In the current group, I was abosultely silent. I was still hiding so as not to give anyone a reason to notice me. Jeff was basically a silent hermit kind of guy. Lonnie and George would not breath unless Mike gave them permission. Lonnie and George were both friendly and likable people. The minute Mike came around though, their personalities changed instantly into servile puppies. James was a loner kind of guy. He was a friendly and talkative person. For as long as he was there, James never really fit in. Steve was an outspoken and joking kind of guy like Arol and Tim.

That means that overall, the Ba Gua men were a silent and lifeless kind of group. The spark or life had left with Arol and Tim. Steve was only one man in the group of 7. He could not lift everyone up. This is why I think that people began to either regret Arol and Tim leaving, or miss the lightness they brought to the class.

That information was necessary to understand why there suddenly began to be talk of new blood in the group. Someone, must have been Mike, was talking about how we needed some new people. I mentioned the interviews that people had to go through to be accepted. As the discussion went on, everyone volunteered that, no, they did not know anyone they felt was dedicated enough to join the group. We all felt we were the only people we knew that could handle the demands of the class.

I was literally stunned when it was suggested that Brad be asked to join the group. I thought to myself "they can't mean the deceitful possible bad character thief Brad they were telling me about. Can they?".

That is exactly who they were talking about.

I was totally confused. I had accepted these men were intelligent, skillful, my betters. That is why I was with them. So I could learn and hopefully be healed. To see them discussing taking in a person they themselves described as a bad apple made me doubt them. In my opinion, only a person with some kind of mental problem would openly go looking for a possible thief to come and join their family.

Then they sat their and openly discussed that, yes, they all thought it likely Brad was a thief. But they still thought they wanted to ask him to join. Because they could not think of anyone else they could get to join.
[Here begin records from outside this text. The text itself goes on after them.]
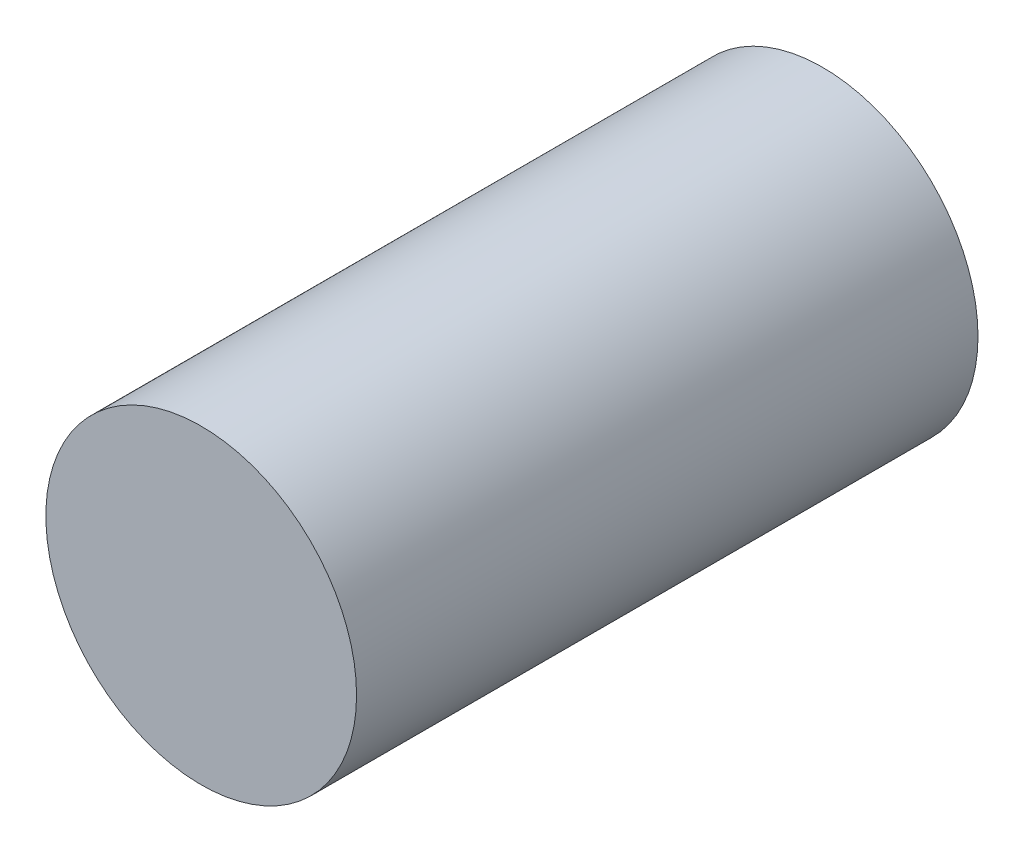
SolidWorks part; units mm, degrees
ref_plane "Front Plane" through (0, 0, 0) normal (0, 0, 1) x (1, 0, 0)
ref_plane "Top Plane" through (0, 0, 0) normal (0, 1, 0) x (1, 0, 0)
ref_plane "Right Plane" through (0, 0, 0) normal (1, 0, 0) x (0, 0, -1)
sketch "Sketch1" plane through (0, 0, 0) normal (0, 0, 1) x (1, 0, 0)
  circle A0 centre (0, 0) radius 6.35
  dimension "D1" = 12.7
extrude "Boss-Extrude1" add sketch "Sketch1" along normal blind 12.7 and the other way blind 12.7

To me, the warning alarms should have been going off full blast. When I, Steve, and Jeff's friend had joined, we were all put through the wringer. Made to feel we were lucky to know these people and if we measured up, they might just possibly let us join. This attitude made me feel I was lucky to be there. I do not know how Steve felt. He still knows Mike to this day so I imagine he too felt he was lucky to be in the group.

To my way of thinking, going out to a person and asking them to join is making them look like they were powerful. They had something that the people in the group wanted. It was a settting for disaster. If the group was right about the man being deceitful and untrustworthy, making him believe they wanted him for some reason was only going to encourage his ego. Which I would think would make him even more likely to be deceitful or unstrustworthy. He would not respect the group because they needed him.

I did not participate in the discussion. My attitude was the one above. If I had voiced it, I would have received unvoiced rebuke and censure for being negative. All I could do was sit there thinking "how can these people make such a big mistake? And I can't even tell them because then they will have bad feelings towards me".